In order to interact with Polygon API and return well-formatted data, I am going to define some user-friendly functions, which means that users can customize their query to return specific data. I am going to query adjusted price as default in the following functions, since adjusted price incorporates events like splits and dividends distribution, which can affect the series.
Reference Data Endpoints
- Ticker Types
All ticker types that Polygon.io has are listed in this endpoints. I
define a function called type_info
to connect with this endpoints to
return a tibble with type description, code used in Polygon.io,
asset_class, and locale.
type_info <- function(class=NULL, locale=NULL){
mainURL <- "https://api.polygon.io/v3/reference/tickers/types?"
apikey <- "&apiKey=dJT0WQZ7GwH45bAZ8TBZT3KusMgjNJM2"
if (! is.null(class)) {class <- paste0("asset_class=", class) }
if (! is.null(locale)) {locale <- paste0("&locale=", locale) }
ticker_types <- GET(paste0(mainURL, class, locale, apikey))
types_data <- fromJSON(rawToChar(ticker_types$content))
types <- types_data$results %>% as_tibble() %>% rename(type=description )
return(types)
}
#check the function to query all types in US stock market
type_data <- type_info(class="stocks")
type_data
## # A tibble: 21 x 4
## code type asset_class locale
## <chr> <chr> <chr> <chr>
## 1 CS Common ~ stocks us
## 2 PFD Preferr~ stocks us
## 3 WARRANT Warrant stocks us
## 4 RIGHT Rights stocks us
## 5 BOND Corpora~ stocks us
## 6 ETF Exchang~ stocks us
## 7 ETN Exchang~ stocks us
## 8 SP Structu~ stocks us
## 9 ADRC America~ stocks us
## 10 ADRW America~ stocks us
## # ... with 11 more rows
In this tibble, code
is what Polygon.io uses to refer to type
. User
can check up the abbreviation for each ticker type through this
function.
Then I define another helper function convert_to_code
to help user
convert type name to code used in polygon.io. So users can use either
abbreviation or full type name in other data queries.

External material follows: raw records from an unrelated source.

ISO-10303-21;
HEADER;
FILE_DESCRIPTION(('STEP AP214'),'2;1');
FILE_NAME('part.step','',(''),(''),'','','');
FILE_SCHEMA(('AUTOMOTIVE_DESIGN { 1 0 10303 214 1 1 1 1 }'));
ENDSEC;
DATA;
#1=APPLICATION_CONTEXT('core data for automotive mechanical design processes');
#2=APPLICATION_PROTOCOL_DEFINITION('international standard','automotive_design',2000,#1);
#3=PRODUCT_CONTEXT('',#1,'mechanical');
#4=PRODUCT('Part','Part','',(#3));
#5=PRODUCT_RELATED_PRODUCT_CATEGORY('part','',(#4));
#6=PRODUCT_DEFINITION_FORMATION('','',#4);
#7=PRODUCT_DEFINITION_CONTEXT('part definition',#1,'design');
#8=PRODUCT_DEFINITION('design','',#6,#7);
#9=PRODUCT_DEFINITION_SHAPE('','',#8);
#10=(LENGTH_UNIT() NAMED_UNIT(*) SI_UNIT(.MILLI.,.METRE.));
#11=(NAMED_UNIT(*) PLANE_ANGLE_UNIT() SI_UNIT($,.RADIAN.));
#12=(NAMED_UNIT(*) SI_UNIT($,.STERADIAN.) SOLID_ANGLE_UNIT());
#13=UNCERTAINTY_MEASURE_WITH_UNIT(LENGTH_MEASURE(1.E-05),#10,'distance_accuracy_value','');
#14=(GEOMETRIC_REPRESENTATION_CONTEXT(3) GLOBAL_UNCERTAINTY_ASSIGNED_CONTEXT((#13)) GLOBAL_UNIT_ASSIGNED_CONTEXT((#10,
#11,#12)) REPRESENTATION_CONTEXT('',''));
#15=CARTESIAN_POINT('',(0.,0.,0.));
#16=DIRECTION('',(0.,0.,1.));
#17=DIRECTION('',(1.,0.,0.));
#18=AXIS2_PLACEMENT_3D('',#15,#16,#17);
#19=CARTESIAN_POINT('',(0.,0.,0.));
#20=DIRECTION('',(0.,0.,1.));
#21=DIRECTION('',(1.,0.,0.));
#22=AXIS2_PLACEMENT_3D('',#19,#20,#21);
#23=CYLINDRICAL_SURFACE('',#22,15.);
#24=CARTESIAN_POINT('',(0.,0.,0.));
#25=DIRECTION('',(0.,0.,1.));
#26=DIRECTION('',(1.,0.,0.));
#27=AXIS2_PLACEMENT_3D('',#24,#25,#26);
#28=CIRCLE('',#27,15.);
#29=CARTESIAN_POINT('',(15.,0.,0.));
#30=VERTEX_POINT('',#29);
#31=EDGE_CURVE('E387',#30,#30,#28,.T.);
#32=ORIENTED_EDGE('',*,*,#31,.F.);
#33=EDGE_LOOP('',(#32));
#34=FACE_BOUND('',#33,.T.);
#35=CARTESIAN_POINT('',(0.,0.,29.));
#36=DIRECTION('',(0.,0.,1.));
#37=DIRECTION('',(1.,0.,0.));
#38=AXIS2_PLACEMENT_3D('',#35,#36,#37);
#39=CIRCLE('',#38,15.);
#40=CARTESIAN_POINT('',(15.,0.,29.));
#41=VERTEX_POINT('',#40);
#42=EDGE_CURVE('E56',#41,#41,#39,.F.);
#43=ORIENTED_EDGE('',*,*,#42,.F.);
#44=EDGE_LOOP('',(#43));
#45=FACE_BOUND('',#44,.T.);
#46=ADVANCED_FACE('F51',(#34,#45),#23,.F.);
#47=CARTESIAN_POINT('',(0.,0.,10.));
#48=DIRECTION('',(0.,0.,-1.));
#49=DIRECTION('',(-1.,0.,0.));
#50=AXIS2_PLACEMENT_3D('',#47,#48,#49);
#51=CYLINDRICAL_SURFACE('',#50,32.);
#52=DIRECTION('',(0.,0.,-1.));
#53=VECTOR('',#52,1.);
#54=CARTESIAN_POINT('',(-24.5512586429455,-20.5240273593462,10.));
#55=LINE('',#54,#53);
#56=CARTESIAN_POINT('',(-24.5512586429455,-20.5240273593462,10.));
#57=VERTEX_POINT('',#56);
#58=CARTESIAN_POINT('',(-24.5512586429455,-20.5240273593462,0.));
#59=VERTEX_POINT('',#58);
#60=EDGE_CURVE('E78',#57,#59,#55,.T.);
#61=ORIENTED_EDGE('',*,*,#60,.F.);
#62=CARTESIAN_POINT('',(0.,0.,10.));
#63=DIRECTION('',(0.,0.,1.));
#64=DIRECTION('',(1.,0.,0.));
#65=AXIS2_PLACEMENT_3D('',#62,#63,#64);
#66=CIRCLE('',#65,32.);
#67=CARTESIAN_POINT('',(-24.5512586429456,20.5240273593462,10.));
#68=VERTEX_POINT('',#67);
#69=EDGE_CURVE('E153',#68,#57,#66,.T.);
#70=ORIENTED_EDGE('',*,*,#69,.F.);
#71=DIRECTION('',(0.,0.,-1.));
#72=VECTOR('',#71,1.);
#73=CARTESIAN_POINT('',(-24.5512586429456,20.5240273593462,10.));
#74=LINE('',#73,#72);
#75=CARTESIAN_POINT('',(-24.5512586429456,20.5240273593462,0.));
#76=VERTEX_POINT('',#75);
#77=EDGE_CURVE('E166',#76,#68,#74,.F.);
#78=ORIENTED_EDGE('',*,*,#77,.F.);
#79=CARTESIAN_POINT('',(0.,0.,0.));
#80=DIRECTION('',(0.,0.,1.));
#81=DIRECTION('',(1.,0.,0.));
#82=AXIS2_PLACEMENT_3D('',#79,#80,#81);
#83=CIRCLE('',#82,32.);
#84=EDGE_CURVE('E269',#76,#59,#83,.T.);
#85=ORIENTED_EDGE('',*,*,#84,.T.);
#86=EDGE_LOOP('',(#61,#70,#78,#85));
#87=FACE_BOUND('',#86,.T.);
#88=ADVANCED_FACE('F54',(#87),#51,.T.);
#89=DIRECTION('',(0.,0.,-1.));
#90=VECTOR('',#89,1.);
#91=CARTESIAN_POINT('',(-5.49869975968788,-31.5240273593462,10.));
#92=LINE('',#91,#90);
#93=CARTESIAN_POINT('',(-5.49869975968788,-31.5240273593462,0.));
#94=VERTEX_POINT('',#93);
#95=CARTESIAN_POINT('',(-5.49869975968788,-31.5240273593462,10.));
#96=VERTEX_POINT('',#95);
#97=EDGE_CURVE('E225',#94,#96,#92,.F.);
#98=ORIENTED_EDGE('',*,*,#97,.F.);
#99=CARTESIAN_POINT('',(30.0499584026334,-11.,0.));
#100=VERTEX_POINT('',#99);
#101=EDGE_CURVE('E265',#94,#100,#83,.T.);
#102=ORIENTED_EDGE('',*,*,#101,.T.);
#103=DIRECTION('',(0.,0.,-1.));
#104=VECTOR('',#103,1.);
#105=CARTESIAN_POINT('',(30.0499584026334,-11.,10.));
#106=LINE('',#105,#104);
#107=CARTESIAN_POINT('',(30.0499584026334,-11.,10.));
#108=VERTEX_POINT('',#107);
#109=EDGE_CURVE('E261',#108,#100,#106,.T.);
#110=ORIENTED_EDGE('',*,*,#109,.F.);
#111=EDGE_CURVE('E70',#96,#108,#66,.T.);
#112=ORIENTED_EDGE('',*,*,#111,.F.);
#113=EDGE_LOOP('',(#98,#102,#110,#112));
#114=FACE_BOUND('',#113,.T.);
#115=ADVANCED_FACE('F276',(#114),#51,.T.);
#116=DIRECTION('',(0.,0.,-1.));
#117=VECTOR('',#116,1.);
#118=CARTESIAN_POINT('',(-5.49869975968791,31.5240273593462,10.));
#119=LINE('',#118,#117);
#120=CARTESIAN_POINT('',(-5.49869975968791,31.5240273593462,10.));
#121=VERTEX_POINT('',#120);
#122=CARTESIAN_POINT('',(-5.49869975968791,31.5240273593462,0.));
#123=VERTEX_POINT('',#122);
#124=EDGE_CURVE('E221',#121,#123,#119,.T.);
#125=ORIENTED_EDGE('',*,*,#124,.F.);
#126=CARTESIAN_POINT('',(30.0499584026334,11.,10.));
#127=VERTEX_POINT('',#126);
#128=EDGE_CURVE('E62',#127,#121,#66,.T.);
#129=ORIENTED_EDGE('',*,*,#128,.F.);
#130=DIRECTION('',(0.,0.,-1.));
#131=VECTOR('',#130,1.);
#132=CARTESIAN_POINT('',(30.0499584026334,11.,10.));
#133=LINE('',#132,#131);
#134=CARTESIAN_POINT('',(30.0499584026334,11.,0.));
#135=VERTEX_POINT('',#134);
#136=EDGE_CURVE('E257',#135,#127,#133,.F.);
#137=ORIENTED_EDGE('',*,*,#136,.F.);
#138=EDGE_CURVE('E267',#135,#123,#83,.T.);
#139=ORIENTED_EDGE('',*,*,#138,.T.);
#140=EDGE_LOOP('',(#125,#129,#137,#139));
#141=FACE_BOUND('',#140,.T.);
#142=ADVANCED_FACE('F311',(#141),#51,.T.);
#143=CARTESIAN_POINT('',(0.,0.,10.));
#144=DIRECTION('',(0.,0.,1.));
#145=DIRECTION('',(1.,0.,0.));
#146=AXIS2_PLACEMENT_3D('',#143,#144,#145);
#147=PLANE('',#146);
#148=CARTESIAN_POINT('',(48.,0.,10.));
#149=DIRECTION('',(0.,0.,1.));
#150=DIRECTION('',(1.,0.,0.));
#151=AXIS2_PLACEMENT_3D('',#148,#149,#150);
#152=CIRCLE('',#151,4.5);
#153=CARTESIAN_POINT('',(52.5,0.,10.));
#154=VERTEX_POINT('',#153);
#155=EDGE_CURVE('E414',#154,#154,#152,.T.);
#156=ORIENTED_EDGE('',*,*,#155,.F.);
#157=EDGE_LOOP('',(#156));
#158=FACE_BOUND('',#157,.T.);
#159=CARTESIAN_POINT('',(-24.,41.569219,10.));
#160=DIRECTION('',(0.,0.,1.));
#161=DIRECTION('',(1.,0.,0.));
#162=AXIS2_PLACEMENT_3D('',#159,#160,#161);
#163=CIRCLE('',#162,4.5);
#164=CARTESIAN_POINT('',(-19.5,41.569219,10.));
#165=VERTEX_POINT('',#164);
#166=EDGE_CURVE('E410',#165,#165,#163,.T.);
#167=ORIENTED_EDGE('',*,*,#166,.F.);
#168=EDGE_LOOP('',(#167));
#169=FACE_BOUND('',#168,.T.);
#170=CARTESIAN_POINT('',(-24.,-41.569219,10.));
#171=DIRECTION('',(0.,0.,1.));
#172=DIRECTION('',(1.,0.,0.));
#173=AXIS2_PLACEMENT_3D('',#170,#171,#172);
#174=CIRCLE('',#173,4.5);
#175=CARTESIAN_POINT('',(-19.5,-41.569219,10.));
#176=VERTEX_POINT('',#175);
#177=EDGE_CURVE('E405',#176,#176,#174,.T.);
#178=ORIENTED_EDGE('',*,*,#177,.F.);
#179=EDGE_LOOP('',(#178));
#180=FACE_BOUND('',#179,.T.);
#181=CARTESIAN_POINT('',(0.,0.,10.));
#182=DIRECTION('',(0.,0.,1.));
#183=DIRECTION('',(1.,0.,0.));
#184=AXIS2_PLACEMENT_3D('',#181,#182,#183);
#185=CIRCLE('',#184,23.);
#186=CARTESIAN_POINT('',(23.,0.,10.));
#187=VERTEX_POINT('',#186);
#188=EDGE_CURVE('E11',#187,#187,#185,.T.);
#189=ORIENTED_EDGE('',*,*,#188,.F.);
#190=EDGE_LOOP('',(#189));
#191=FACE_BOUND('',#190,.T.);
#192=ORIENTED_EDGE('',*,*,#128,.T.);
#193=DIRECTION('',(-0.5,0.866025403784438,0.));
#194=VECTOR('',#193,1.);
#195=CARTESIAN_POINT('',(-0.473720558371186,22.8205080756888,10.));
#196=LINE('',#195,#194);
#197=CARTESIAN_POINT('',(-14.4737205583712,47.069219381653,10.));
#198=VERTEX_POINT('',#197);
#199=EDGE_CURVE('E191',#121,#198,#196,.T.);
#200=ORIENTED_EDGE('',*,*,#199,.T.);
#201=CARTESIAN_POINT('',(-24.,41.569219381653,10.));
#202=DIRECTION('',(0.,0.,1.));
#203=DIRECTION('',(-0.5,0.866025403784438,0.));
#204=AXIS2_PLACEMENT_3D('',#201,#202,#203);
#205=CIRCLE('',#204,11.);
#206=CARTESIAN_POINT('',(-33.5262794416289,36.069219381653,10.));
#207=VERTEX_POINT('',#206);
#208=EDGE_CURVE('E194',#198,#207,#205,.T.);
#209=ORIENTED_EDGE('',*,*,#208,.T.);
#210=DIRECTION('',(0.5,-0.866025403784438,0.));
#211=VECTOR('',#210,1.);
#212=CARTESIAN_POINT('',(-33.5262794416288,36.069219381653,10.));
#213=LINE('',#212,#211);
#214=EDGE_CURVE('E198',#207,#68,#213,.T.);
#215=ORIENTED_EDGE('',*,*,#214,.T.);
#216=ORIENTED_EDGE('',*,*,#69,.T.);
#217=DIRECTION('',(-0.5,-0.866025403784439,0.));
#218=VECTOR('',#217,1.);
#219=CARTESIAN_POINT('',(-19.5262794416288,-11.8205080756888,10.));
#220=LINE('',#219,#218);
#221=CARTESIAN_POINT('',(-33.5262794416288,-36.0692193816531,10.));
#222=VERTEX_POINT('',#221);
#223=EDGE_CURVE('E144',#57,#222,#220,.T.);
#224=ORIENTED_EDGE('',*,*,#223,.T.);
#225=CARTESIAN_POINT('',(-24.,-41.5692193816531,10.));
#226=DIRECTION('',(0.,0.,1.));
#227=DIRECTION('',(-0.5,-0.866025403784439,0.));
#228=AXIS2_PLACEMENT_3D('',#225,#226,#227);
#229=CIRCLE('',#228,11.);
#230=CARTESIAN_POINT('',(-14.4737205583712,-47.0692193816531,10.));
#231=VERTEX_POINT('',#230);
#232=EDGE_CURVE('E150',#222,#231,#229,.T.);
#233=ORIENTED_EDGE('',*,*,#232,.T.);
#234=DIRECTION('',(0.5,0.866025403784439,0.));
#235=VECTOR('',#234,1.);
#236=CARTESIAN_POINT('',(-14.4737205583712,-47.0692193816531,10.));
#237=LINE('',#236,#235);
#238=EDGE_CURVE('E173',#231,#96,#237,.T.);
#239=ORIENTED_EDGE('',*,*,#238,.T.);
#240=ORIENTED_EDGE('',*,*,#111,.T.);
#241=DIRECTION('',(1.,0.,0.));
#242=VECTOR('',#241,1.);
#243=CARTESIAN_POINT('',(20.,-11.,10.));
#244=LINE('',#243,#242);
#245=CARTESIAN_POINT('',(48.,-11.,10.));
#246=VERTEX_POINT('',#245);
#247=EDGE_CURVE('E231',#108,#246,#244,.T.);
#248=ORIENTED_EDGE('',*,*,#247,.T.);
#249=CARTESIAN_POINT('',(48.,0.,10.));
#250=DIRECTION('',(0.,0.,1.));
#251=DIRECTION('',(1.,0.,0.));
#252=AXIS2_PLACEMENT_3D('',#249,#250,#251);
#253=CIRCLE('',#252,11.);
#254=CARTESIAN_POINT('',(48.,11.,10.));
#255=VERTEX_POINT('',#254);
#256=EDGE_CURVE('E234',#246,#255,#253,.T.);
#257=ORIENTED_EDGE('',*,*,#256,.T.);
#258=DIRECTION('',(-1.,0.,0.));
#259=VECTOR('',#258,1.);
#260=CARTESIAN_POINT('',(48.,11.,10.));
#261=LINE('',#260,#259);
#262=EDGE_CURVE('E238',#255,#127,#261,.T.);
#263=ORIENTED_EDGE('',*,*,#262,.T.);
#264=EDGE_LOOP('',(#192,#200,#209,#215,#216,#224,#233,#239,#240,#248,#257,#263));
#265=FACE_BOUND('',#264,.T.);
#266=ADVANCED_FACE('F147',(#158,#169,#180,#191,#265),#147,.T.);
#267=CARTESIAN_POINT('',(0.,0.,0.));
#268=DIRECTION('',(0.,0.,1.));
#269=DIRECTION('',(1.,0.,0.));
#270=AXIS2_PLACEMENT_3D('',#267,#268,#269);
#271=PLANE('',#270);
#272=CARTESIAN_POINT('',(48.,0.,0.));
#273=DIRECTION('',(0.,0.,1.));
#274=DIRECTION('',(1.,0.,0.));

convert_to_code <- function(text, class=NULL, locale=NULL){
types_info <- type_info(class, locale)
if (text %in% types_info$code){
return(text)
} else if (tolower(text) %in% tolower(types_info$type)){
return(types_info$code[tolower(types_info$type)==tolower(text)] )
} else {print("No such type supported by polygon.io")}
}
#check this helper function
ADRC <- convert_to_code(text="American Depository Receipt Common")
ADRC
## [1] "ADRC"
- Tickers
I am going to define a function called tickers_supported
to query
ticker symbols which are supported by Polygon.io. This function allow
user specify the type of the tickers, market type, and if the tickers
returned should be actively traded on the queried date. With the helper
function convert_to_code
, user can type the abbreviation for the
ticker type or description.
tickers_supported <- function(type=NULL, market=NULL, active=TRUE){
mainURL <- "https://api.polygon.io/v3/reference/tickers?"
apikey <- ""
limit <- "limit=1000"
if (! is.null(type)) {type <- paste0("type=",convert_to_code(text=type),"&")}
if (! is.null(market)) {market <- paste0("market=",market,"&")}
active <- paste0("active=",active,"&")
option <- paste0(type,market,active,limit)
next_url<- TRUE
tickers_info <- NULL
while (! is.null(next_url)) {
tikers_raw <- GET(paste0(mainURL, option, apikey))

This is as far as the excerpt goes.